I watched her hug Uncle Herbert, her eyes closing as she rested her chin on his
shoulder. The two of them hung on to each other, the moment seeming private, intimate enough that it surprised me. In all the months I’d lived at Uncle Herbert’s and Ruth had helped to take care of us, I’d never seen Ruth hug either of the uncs. Of course, Aunt Esther was around then, and to her, Ruth was the help. Aunt Esther believed in the traditional, formal Southern rules about such things. One did not become overly familiar with the help, which at the time included Ruth, a retired man who tended the gardens, and a young guy named Lars, who did heavy lifting around the funeral home and took care of setup for services. Ruth, Lars, and the gardener ate at the breakfast table in the kitchen, while the family ate in the dining room, even on days when there was no one home except my aunt and uncle. Clay and I tended to be AWOL on purpose during dinners at the big house as often as we could. We preferred to eat in the kitchen while Ruth washed dishes.

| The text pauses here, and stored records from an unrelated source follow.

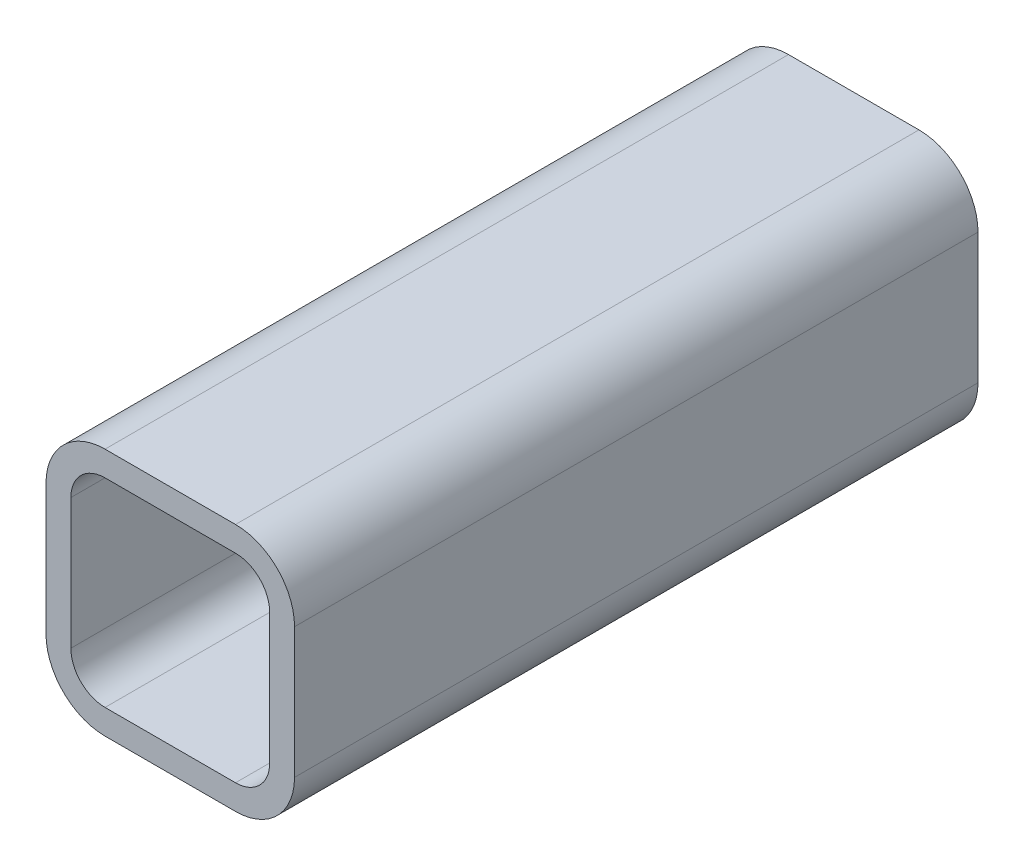
ISO-10303-21;
HEADER;
FILE_DESCRIPTION(('STEP AP214'),'2;1');
FILE_NAME('part.step','',(''),(''),'','','');
FILE_SCHEMA(('AUTOMOTIVE_DESIGN { 1 0 10303 214 1 1 1 1 }'));
ENDSEC;
DATA;
#1=APPLICATION_CONTEXT('core data for automotive mechanical design processes');
#2=APPLICATION_PROTOCOL_DEFINITION('international standard','automotive_design',2000,#1);
#3=PRODUCT_CONTEXT('',#1,'mechanical');
#4=PRODUCT('Part','Part','',(#3));
#5=PRODUCT_RELATED_PRODUCT_CATEGORY('part','',(#4));
#6=PRODUCT_DEFINITION_FORMATION('','',#4);
#7=PRODUCT_DEFINITION_CONTEXT('part definition',#1,'design');
#8=PRODUCT_DEFINITION('design','',#6,#7);
#9=PRODUCT_DEFINITION_SHAPE('','',#8);
#10=(LENGTH_UNIT() NAMED_UNIT(*) SI_UNIT(.MILLI.,.METRE.));
#11=(NAMED_UNIT(*) PLANE_ANGLE_UNIT() SI_UNIT($,.RADIAN.));
#12=(NAMED_UNIT(*) SI_UNIT($,.STERADIAN.) SOLID_ANGLE_UNIT());
#13=UNCERTAINTY_MEASURE_WITH_UNIT(LENGTH_MEASURE(1.E-05),#10,'distance_accuracy_value','');
#14=(GEOMETRIC_REPRESENTATION_CONTEXT(3) GLOBAL_UNCERTAINTY_ASSIGNED_CONTEXT((#13)) GLOBAL_UNIT_ASSIGNED_CONTEXT((#10,
#11,#12)) REPRESENTATION_CONTEXT('',''));
#15=CARTESIAN_POINT('',(0.,0.,0.));
#16=DIRECTION('',(0.,0.,1.));
#17=DIRECTION('',(1.,0.,0.));
#18=AXIS2_PLACEMENT_3D('',#15,#16,#17);
#19=CARTESIAN_POINT('',(-21.,-21.,110.));
#20=DIRECTION('',(0.,0.,1.));
#21=DIRECTION('',(1.,0.,0.));
#22=AXIS2_PLACEMENT_3D('',#19,#20,#21);
#23=PLANE('',#22);
#24=CARTESIAN_POINT('',(-21.,-21.,110.));
#25=DIRECTION('',(0.,0.,1.));
#26=DIRECTION('',(1.,0.,0.));
#27=AXIS2_PLACEMENT_3D('',#24,#25,#26);
#28=CIRCLE('',#27,19.);
#29=CARTESIAN_POINT('',(-39.9999999999999,-20.9999999999999,110.));
#30=VERTEX_POINT('',#29);
#31=CARTESIAN_POINT('',(-20.9999999999999,-40.,110.));
#32=VERTEX_POINT('',#31);
#33=EDGE_CURVE('E216',#30,#32,#28,.T.);
#34=ORIENTED_EDGE('',*,*,#33,.T.);
#35=DIRECTION('',(1.,0.,0.));
#36=VECTOR('',#35,1.);
#37=CARTESIAN_POINT('',(-20.9999999999999,-40.,110.));
#38=LINE('',#37,#36);
#39=CARTESIAN_POINT('',(20.9999999999999,-40.,110.));
#40=VERTEX_POINT('',#39);
#41=EDGE_CURVE('E219',#32,#40,#38,.T.);
#42=ORIENTED_EDGE('',*,*,#41,.T.);
#43=CARTESIAN_POINT('',(21.,-21.,110.));
#44=DIRECTION('',(0.,0.,1.));
#45=DIRECTION('',(1.,0.,0.));
#46=AXIS2_PLACEMENT_3D('',#43,#44,#45);
#47=CIRCLE('',#46,19.);
#48=CARTESIAN_POINT('',(40.0000000000001,-20.9999999999999,110.));
#49=VERTEX_POINT('',#48);
#50=EDGE_CURVE('E222',#40,#49,#47,.T.);
#51=ORIENTED_EDGE('',*,*,#50,.T.);
#52=DIRECTION('',(0.,1.,0.));
#53=VECTOR('',#52,1.);
#54=CARTESIAN_POINT('',(40.0000000000001,20.9999999999999,110.));
#55=LINE('',#54,#53);
#56=CARTESIAN_POINT('',(40.0000000000001,20.9999999999999,110.));
#57=VERTEX_POINT('',#56);
#58=EDGE_CURVE('E224',#49,#57,#55,.T.);
#59=ORIENTED_EDGE('',*,*,#58,.T.);
#60=CARTESIAN_POINT('',(21.,21.,110.));
#61=DIRECTION('',(0.,0.,1.));
#62=DIRECTION('',(1.,0.,0.));
#63=AXIS2_PLACEMENT_3D('',#60,#61,#62);
#64=CIRCLE('',#63,19.);
#65=CARTESIAN_POINT('',(20.9999999999999,40.,110.));
#66=VERTEX_POINT('',#65);
#67=EDGE_CURVE('E226',#57,#66,#64,.T.);
#68=ORIENTED_EDGE('',*,*,#67,.T.);
#69=DIRECTION('',(-1.,0.,0.));
#70=VECTOR('',#69,1.);
#71=CARTESIAN_POINT('',(-20.9999999999999,40.,110.));
#72=LINE('',#71,#70);
#73=CARTESIAN_POINT('',(-20.9999999999999,40.,110.));
#74=VERTEX_POINT('',#73);
#75=EDGE_CURVE('E228',#66,#74,#72,.T.);
#76=ORIENTED_EDGE('',*,*,#75,.T.);
#77=CARTESIAN_POINT('',(-21.,21.,110.));
#78=DIRECTION('',(0.,0.,1.));
#79=DIRECTION('',(1.,0.,0.));
#80=AXIS2_PLACEMENT_3D('',#77,#78,#79);
#81=CIRCLE('',#80,19.);
#82=CARTESIAN_POINT('',(-39.9999999999999,20.9999999999999,110.));
#83=VERTEX_POINT('',#82);
#84=EDGE_CURVE('E230',#74,#83,#81,.T.);
#85=ORIENTED_EDGE('',*,*,#84,.T.);
#86=DIRECTION('',(0.,-1.,0.));
#87=VECTOR('',#86,1.);
#88=CARTESIAN_POINT('',(-39.9999999999999,20.9999999999999,110.));
#89=LINE('',#88,#87);
#90=EDGE_CURVE('E232',#83,#30,#89,.T.);
#91=ORIENTED_EDGE('',*,*,#90,.T.);
#92=EDGE_LOOP('',(#34,#42,#51,#59,#68,#76,#85,#91));
#93=FACE_BOUND('',#92,.T.);
#94=DIRECTION('',(0.,-1.,0.));
#95=VECTOR('',#94,1.);
#96=CARTESIAN_POINT('',(-31.9999999999999,20.9999999999999,110.));
#97=LINE('',#96,#95);
#98=CARTESIAN_POINT('',(-31.9999999999999,20.9999999999999,110.));
#99=VERTEX_POINT('',#98);
#100=CARTESIAN_POINT('',(-31.9999999999999,-20.9999999999999,110.));
#101=VERTEX_POINT('',#100);
#102=EDGE_CURVE('E157',#99,#101,#97,.T.);
#103=ORIENTED_EDGE('',*,*,#102,.F.);
#104=CARTESIAN_POINT('',(-21.,21.,110.));
#105=DIRECTION('',(0.,0.,1.));
#106=DIRECTION('',(1.,0.,0.));
#107=AXIS2_PLACEMENT_3D('',#104,#105,#106);
#108=CIRCLE('',#107,11.);
#109=CARTESIAN_POINT('',(-20.9999999999999,32.,110.));
#110=VERTEX_POINT('',#109);
#111=EDGE_CURVE('E149',#110,#99,#108,.T.);
#112=ORIENTED_EDGE('',*,*,#111,.F.);
#113=DIRECTION('',(-1.,0.,0.));
#114=VECTOR('',#113,1.);
#115=CARTESIAN_POINT('',(-20.9999999999999,32.,110.));
#116=LINE('',#115,#114);
#117=CARTESIAN_POINT('',(20.9999999999999,32.,110.));
#118=VERTEX_POINT('',#117);
#119=EDGE_CURVE('E183',#118,#110,#116,.T.);
#120=ORIENTED_EDGE('',*,*,#119,.F.);
#121=CARTESIAN_POINT('',(21.,21.,110.));
#122=DIRECTION('',(0.,0.,1.));
#123=DIRECTION('',(1.,0.,0.));
#124=AXIS2_PLACEMENT_3D('',#121,#122,#123);
#125=CIRCLE('',#124,11.);
#126=CARTESIAN_POINT('',(32.0000000000001,20.9999999999999,110.));
#127=VERTEX_POINT('',#126);
#128=EDGE_CURVE('E181',#127,#118,#125,.T.);
#129=ORIENTED_EDGE('',*,*,#128,.F.);
#130=DIRECTION('',(0.,1.,0.));
#131=VECTOR('',#130,1.);
#132=CARTESIAN_POINT('',(32.0000000000001,20.9999999999999,110.));
#133=LINE('',#132,#131);
#134=CARTESIAN_POINT('',(32.0000000000001,-21.,110.));
#135=VERTEX_POINT('',#134);
#136=EDGE_CURVE('E179',#135,#127,#133,.T.);
#137=ORIENTED_EDGE('',*,*,#136,.F.);
#138=CARTESIAN_POINT('',(21.,-21.,110.));
#139=DIRECTION('',(0.,0.,1.));
#140=DIRECTION('',(1.,0.,0.));
#141=AXIS2_PLACEMENT_3D('',#138,#139,#140);
#142=CIRCLE('',#141,11.);
#143=CARTESIAN_POINT('',(20.9999999999999,-32.,110.));
#144=VERTEX_POINT('',#143);
#145=EDGE_CURVE('E177',#144,#135,#142,.T.);
#146=ORIENTED_EDGE('',*,*,#145,.F.);
#147=DIRECTION('',(1.,0.,0.));
#148=VECTOR('',#147,1.);
#149=CARTESIAN_POINT('',(-20.9999999999999,-32.,110.));
#150=LINE('',#149,#148);
#151=CARTESIAN_POINT('',(-20.9999999999999,-32.,110.));
#152=VERTEX_POINT('',#151);
#153=EDGE_CURVE('E172',#152,#144,#150,.T.);
#154=ORIENTED_EDGE('',*,*,#153,.F.);
#155=CARTESIAN_POINT('',(-21.,-21.,110.));
#156=DIRECTION('',(0.,0.,1.));
#157=DIRECTION('',(1.,0.,0.));
#158=AXIS2_PLACEMENT_3D('',#155,#156,#157);
#159=CIRCLE('',#158,11.);
#160=EDGE_CURVE('E170',#101,#152,#159,.T.);
#161=ORIENTED_EDGE('',*,*,#160,.F.);
#162=EDGE_LOOP('',(#103,#112,#120,#129,#137,#146,#154,#161));
#163=FACE_BOUND('',#162,.T.);
#164=ADVANCED_FACE('F36',(#93,#163),#23,.T.);
#165=CARTESIAN_POINT('',(-21.,-21.,-110.));
#166=DIRECTION('',(0.,0.,1.));
#167=DIRECTION('',(1.,0.,0.));
#168=AXIS2_PLACEMENT_3D('',#165,#166,#167);
#169=PLANE('',#168);
#170=CARTESIAN_POINT('',(-21.,-21.,-110.));
#171=DIRECTION('',(0.,0.,1.));
#172=DIRECTION('',(1.,0.,0.));
#173=AXIS2_PLACEMENT_3D('',#170,#171,#172);
#174=CIRCLE('',#173,19.);
#175=CARTESIAN_POINT('',(-39.9999999999999,-20.9999999999999,-110.));
#176=VERTEX_POINT('',#175);
#177=CARTESIAN_POINT('',(-20.9999999999999,-40.,-110.));
#178=VERTEX_POINT('',#177);
#179=EDGE_CURVE('E165',#176,#178,#174,.T.);
#180=ORIENTED_EDGE('',*,*,#179,.F.);
#181=DIRECTION('',(0.,-1.,0.));
#182=VECTOR('',#181,1.);
#183=CARTESIAN_POINT('',(-39.9999999999999,20.9999999999999,-110.));
#184=LINE('',#183,#182);
#185=CARTESIAN_POINT('',(-39.9999999999999,20.9999999999999,-110.));
#186=VERTEX_POINT('',#185);
#187=EDGE_CURVE('E220',#186,#176,#184,.T.);
#188=ORIENTED_EDGE('',*,*,#187,.F.);
#189=CARTESIAN_POINT('',(-21.,21.,-110.));
#190=DIRECTION('',(0.,0.,1.));
#191=DIRECTION('',(1.,0.,0.));
#192=AXIS2_PLACEMENT_3D('',#189,#190,#191);
#193=CIRCLE('',#192,19.);
#194=CARTESIAN_POINT('',(-20.9999999999999,40.,-110.));
#195=VERTEX_POINT('',#194);
#196=EDGE_CURVE('E247',#195,#186,#193,.T.);
#197=ORIENTED_EDGE('',*,*,#196,.F.);
#198=DIRECTION('',(-1.,0.,0.));
#199=VECTOR('',#198,1.);
#200=CARTESIAN_POINT('',(-20.9999999999999,40.,-110.));
#201=LINE('',#200,#199);
#202=CARTESIAN_POINT('',(20.9999999999999,40.,-110.));
#203=VERTEX_POINT('',#202);
#204=EDGE_CURVE('E245',#203,#195,#201,.T.);
#205=ORIENTED_EDGE('',*,*,#204,.F.);
#206=CARTESIAN_POINT('',(21.,21.,-110.));
#207=DIRECTION('',(0.,0.,1.));
#208=DIRECTION('',(1.,0.,0.));
#209=AXIS2_PLACEMENT_3D('',#206,#207,#208);
#210=CIRCLE('',#209,19.);
#211=CARTESIAN_POINT('',(40.0000000000001,20.9999999999999,-110.));
#212=VERTEX_POINT('',#211);
#213=EDGE_CURVE('E243',#212,#203,#210,.T.);
#214=ORIENTED_EDGE('',*,*,#213,.F.);
#215=DIRECTION('',(0.,1.,0.));
#216=VECTOR('',#215,1.);
#217=CARTESIAN_POINT('',(40.0000000000001,20.9999999999999,-110.));
#218=LINE('',#217,#216);
#219=CARTESIAN_POINT('',(40.0000000000001,-20.9999999999999,-110.));
#220=VERTEX_POINT('',#219);
#221=EDGE_CURVE('E241',#220,#212,#218,.T.);
#222=ORIENTED_EDGE('',*,*,#221,.F.);
#223=CARTESIAN_POINT('',(21.,-21.,-110.));
#224=DIRECTION('',(0.,0.,1.));
#225=DIRECTION('',(1.,0.,0.));
#226=AXIS2_PLACEMENT_3D('',#223,#224,#225);
#227=CIRCLE('',#226,19.);
#228=CARTESIAN_POINT('',(20.9999999999999,-40.,-110.));
#229=VERTEX_POINT('',#228);
#230=EDGE_CURVE('E239',#229,#220,#227,.T.);
#231=ORIENTED_EDGE('',*,*,#230,.F.);
#232=DIRECTION('',(1.,0.,0.));
#233=VECTOR('',#232,1.);
#234=CARTESIAN_POINT('',(-20.9999999999999,-40.,-110.));
#235=LINE('',#234,#233);
#236=EDGE_CURVE('E237',#178,#229,#235,.T.);
#237=ORIENTED_EDGE('',*,*,#236,.F.);
#238=EDGE_LOOP('',(#180,#188,#197,#205,#214,#222,#231,#237));
#239=FACE_BOUND('',#238,.T.);
#240=CARTESIAN_POINT('',(-21.,21.,-110.));
#241=DIRECTION('',(0.,0.,1.));
#242=DIRECTION('',(1.,0.,0.));
#243=AXIS2_PLACEMENT_3D('',#240,#241,#242);
#244=CIRCLE('',#243,11.);
#245=CARTESIAN_POINT('',(-20.9999999999999,32.,-110.));
#246=VERTEX_POINT('',#245);
#247=CARTESIAN_POINT('',(-31.9999999999999,20.9999999999999,-110.));
#248=VERTEX_POINT('',#247);
#249=EDGE_CURVE('E59',#246,#248,#244,.T.);
#250=ORIENTED_EDGE('',*,*,#249,.T.);
#251=DIRECTION('',(0.,-1.,0.));
#252=VECTOR('',#251,1.);
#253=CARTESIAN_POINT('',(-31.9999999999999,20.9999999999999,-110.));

She smiled at me as she released Uncle Herb and rested a hand against the doorframe, steadying herself.
“Hey, Ruth, I’m gonna change clothes in the dairy room, ’kay? I’m headed over to see Amy,” Clay called from the driveway, and I realized he was shopping for date clothes in the rusted metal toolbox in the bed of his truck. What a romantic.
“There’s no heat on in the dairy room!” Ruth’s voice crackled like the old phonograph disks she used to let Clay play in Uncle Herbert’s parlor, when Aunt Esther was gone to her teas and her meetings at the church.
“Not a problem,” Clay answered, waving his clothes over his head as he started toward the largest of the barns, a massive hip-roofed structure that was neatly painted and picturesque.
“You come on in the house!” Ruth leaned out the door, looking concerned. She lost her balance a little, and Uncle Charley caught her elbow.